Instructions for the task: Extract the lines up to and including the one that contains "68.58 38.1 180)", starting with the first line of the entries below, and omit the pictures.

Source records:
------------------------

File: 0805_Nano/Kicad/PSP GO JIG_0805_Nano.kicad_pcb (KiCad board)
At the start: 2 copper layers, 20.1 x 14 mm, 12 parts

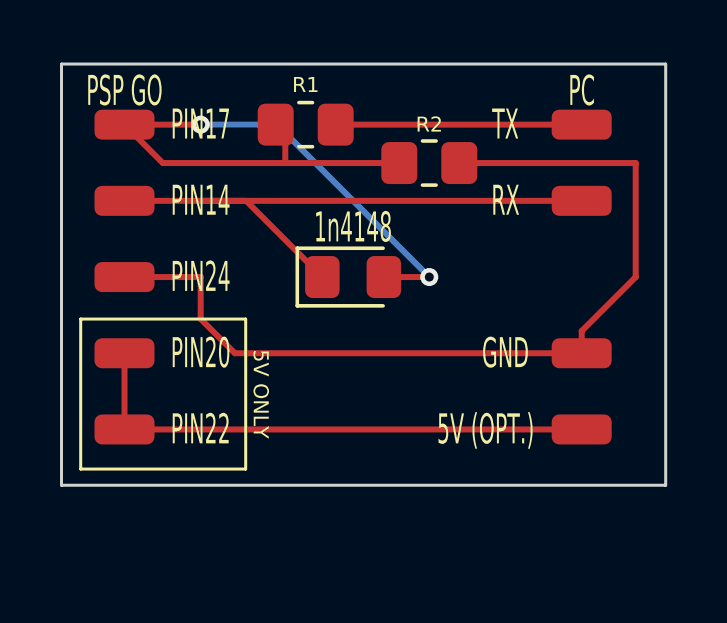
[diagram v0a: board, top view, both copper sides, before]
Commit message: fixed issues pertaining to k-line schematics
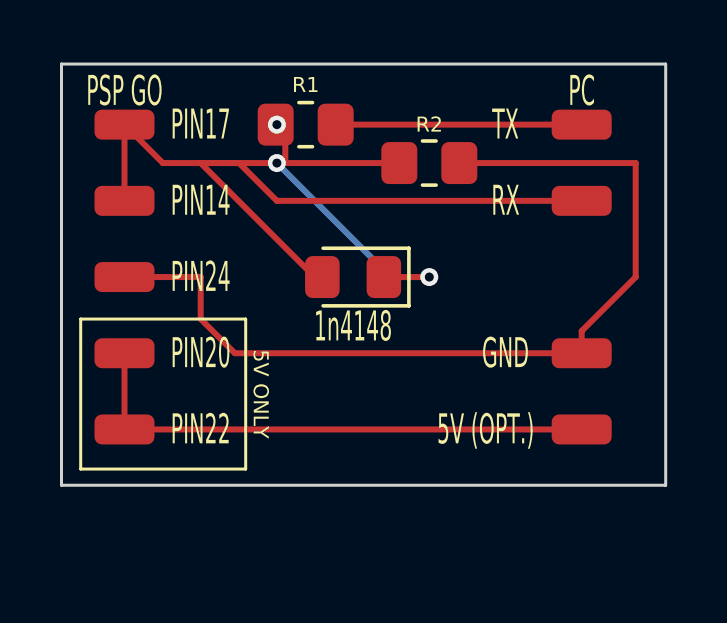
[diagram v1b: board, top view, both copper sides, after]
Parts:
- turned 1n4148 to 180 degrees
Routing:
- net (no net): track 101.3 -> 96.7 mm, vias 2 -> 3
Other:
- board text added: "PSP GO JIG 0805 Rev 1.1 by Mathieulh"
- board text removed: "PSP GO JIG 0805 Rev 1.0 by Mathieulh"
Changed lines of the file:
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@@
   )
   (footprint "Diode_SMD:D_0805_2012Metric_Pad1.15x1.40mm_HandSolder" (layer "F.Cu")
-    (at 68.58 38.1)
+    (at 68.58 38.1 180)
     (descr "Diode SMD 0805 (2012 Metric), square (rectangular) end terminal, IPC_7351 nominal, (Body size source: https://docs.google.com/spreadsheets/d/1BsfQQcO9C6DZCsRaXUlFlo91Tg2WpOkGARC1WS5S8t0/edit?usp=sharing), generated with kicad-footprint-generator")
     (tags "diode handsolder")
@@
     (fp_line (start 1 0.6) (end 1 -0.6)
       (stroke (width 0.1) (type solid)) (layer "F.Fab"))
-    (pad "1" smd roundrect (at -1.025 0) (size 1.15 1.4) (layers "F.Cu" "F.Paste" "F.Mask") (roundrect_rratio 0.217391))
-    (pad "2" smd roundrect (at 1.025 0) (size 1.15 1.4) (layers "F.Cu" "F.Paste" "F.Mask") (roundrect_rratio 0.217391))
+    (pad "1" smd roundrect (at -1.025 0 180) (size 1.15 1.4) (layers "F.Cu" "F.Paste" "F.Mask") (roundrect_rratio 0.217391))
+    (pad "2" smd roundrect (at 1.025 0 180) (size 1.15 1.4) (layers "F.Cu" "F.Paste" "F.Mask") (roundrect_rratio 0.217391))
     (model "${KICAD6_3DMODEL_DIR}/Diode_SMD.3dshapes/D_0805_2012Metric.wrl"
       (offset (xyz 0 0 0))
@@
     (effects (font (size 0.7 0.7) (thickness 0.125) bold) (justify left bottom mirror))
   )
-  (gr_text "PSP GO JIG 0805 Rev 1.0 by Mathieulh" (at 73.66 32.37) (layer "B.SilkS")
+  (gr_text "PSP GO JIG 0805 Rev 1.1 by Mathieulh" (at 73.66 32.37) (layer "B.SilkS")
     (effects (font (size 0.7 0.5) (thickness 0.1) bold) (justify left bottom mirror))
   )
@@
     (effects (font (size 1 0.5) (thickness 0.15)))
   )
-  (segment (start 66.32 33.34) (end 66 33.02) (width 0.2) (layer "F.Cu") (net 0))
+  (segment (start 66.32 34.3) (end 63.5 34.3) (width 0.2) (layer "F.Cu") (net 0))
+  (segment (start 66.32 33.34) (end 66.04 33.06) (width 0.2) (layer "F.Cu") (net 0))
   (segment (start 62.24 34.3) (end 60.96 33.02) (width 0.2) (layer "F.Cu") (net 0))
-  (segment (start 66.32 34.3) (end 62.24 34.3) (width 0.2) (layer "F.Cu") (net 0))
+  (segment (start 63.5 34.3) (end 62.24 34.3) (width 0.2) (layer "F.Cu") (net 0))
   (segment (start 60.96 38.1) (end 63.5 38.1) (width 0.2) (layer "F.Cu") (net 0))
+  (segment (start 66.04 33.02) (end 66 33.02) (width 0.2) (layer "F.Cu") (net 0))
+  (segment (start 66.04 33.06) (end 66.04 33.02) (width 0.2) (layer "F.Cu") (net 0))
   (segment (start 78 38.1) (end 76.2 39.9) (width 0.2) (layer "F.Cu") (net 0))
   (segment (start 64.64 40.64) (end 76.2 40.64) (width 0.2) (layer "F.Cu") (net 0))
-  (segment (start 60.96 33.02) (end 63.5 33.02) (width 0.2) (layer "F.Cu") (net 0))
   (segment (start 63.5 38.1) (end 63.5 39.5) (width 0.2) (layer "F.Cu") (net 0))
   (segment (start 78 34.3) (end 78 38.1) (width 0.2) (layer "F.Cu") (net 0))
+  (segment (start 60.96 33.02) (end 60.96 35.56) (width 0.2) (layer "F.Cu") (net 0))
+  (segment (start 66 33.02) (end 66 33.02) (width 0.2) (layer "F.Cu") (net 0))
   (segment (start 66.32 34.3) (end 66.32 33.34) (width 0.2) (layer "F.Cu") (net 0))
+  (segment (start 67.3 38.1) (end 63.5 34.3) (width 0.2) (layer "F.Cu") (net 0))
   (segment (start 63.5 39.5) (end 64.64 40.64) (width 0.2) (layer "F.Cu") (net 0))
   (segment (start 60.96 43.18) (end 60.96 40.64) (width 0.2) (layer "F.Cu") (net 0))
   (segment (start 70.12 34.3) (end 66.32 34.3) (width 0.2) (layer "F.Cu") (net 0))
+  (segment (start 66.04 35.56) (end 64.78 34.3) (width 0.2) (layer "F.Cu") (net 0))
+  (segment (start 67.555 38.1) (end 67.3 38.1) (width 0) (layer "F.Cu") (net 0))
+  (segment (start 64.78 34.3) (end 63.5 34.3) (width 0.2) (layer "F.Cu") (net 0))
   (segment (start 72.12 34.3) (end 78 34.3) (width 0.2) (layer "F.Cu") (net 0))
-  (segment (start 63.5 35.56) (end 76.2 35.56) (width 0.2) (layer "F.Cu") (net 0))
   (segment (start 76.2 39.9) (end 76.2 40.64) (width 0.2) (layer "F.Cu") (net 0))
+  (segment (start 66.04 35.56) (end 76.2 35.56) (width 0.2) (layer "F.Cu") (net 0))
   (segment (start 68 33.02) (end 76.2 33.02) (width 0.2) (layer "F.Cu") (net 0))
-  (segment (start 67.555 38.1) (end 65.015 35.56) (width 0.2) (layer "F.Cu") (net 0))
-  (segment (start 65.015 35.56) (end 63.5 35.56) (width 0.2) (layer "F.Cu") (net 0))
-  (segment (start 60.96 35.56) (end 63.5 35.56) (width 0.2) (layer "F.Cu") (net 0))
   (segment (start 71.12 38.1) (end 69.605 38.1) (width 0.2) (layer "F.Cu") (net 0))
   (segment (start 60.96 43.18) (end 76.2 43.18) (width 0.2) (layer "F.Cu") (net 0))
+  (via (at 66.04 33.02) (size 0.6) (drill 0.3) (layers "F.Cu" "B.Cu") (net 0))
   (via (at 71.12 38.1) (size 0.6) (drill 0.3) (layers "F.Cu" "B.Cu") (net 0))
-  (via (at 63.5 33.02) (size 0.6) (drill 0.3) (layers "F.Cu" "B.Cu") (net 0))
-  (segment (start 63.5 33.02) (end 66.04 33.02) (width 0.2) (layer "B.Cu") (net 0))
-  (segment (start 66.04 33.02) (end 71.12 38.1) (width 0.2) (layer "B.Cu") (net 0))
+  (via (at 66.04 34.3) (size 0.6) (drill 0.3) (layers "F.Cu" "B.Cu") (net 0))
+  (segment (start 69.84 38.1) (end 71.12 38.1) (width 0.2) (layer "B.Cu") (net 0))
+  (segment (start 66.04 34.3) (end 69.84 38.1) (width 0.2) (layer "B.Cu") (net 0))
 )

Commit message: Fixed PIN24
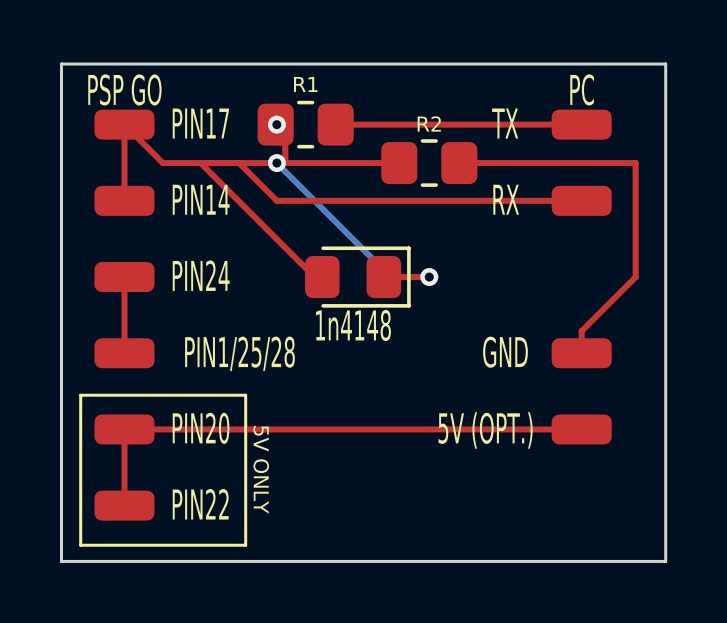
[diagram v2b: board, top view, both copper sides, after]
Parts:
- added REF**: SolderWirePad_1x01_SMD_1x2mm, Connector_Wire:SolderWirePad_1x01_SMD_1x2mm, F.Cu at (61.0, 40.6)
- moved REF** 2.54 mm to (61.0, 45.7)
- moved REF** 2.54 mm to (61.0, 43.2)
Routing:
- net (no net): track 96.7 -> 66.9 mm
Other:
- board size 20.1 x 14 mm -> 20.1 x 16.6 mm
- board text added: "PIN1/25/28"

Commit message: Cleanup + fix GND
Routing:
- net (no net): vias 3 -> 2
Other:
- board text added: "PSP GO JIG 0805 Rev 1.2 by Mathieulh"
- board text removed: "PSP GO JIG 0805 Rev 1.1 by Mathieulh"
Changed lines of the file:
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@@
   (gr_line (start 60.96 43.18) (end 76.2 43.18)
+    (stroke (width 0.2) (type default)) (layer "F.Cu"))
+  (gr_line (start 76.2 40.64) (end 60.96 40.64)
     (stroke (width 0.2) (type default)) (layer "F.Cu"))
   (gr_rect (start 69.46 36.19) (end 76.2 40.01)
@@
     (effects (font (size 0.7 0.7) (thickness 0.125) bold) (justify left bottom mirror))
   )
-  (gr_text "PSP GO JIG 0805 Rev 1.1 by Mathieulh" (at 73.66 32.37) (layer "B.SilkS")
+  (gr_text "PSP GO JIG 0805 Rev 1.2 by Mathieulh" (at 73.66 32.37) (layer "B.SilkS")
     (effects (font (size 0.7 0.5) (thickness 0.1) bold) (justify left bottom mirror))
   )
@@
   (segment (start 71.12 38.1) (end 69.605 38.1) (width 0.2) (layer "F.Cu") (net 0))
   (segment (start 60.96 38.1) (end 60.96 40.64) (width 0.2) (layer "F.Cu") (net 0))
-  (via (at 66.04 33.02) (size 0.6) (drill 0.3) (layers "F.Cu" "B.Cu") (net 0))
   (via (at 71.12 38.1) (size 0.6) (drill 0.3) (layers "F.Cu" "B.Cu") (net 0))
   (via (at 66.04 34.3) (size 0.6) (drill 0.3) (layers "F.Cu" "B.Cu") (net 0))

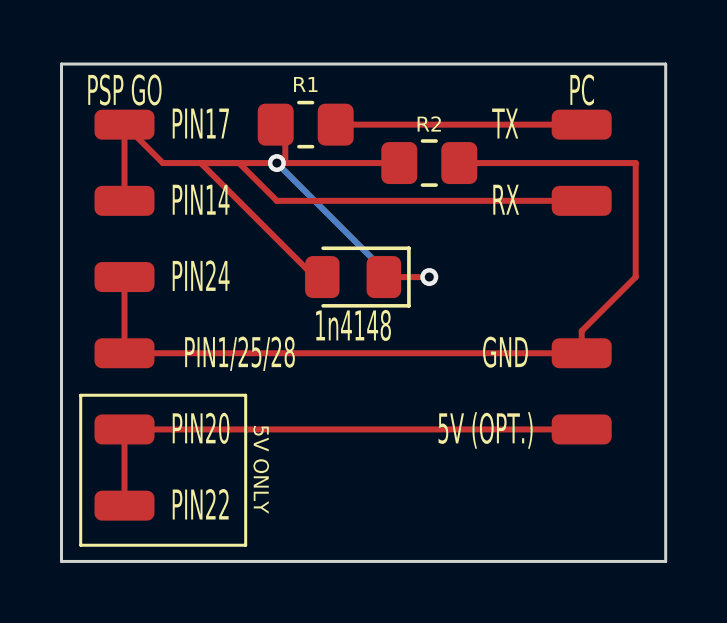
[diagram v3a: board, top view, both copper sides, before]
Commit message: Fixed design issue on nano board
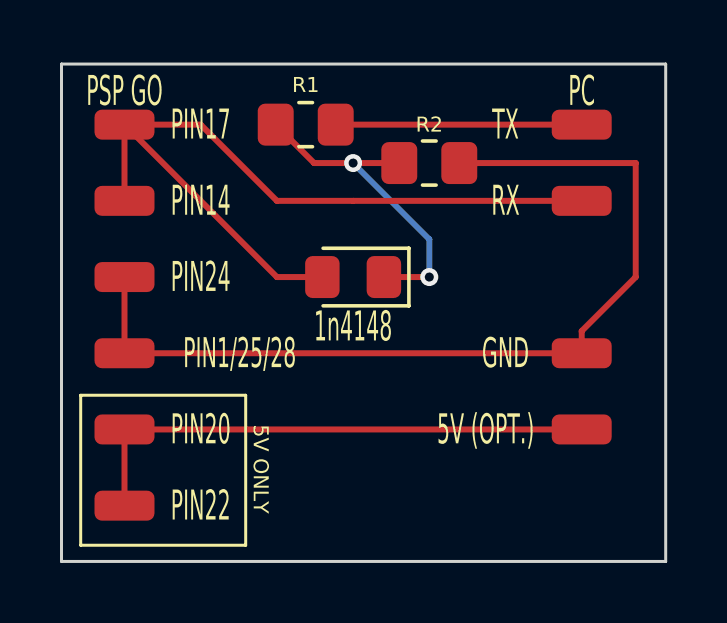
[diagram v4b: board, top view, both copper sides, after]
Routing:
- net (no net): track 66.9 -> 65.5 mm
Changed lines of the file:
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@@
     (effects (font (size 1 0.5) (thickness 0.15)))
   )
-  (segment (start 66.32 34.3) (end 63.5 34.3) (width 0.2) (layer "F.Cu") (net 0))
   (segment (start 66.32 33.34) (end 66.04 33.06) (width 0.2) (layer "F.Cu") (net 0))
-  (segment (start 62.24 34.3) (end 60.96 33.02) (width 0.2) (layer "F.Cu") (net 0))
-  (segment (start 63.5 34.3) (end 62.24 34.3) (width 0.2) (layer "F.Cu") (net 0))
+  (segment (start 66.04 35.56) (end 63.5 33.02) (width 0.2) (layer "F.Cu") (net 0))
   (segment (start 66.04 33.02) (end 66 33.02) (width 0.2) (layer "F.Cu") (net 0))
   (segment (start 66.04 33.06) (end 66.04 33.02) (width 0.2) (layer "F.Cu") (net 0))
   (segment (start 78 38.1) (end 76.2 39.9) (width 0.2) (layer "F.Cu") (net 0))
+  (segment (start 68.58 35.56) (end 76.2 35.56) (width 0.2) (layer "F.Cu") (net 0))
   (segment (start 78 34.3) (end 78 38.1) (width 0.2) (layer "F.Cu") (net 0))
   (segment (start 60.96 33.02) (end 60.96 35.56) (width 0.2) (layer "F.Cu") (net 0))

------------------------

Reply:
File: 0805_Nano/Kicad/PSP GO JIG_0805_Nano.kicad_pcb (KiCad board)
At the start: 2 copper layers, 20.1 x 14 mm, 12 parts

[diagram v0a: board, top view, both copper sides, before]
Commit message: fixed issues pertaining to k-line schematics
[diagram v1b: board, top view, both copper sides, after]
Parts:
- turned 1n4148 to 180 degrees
Routing:
- net (no net): track 101.3 -> 96.7 mm, vias 2 -> 3
Other:
- board text added: "PSP GO JIG 0805 Rev 1.1 by Mathieulh"
- board text removed: "PSP GO JIG 0805 Rev 1.0 by Mathieulh"
Changed lines of the file:
@@
   )
   (footprint "Diode_SMD:D_0805_2012Metric_Pad1.15x1.40mm_HandSolder" (layer "F.Cu")
-    (at 68.58 38.1)
+    (at 68.58 38.1 180)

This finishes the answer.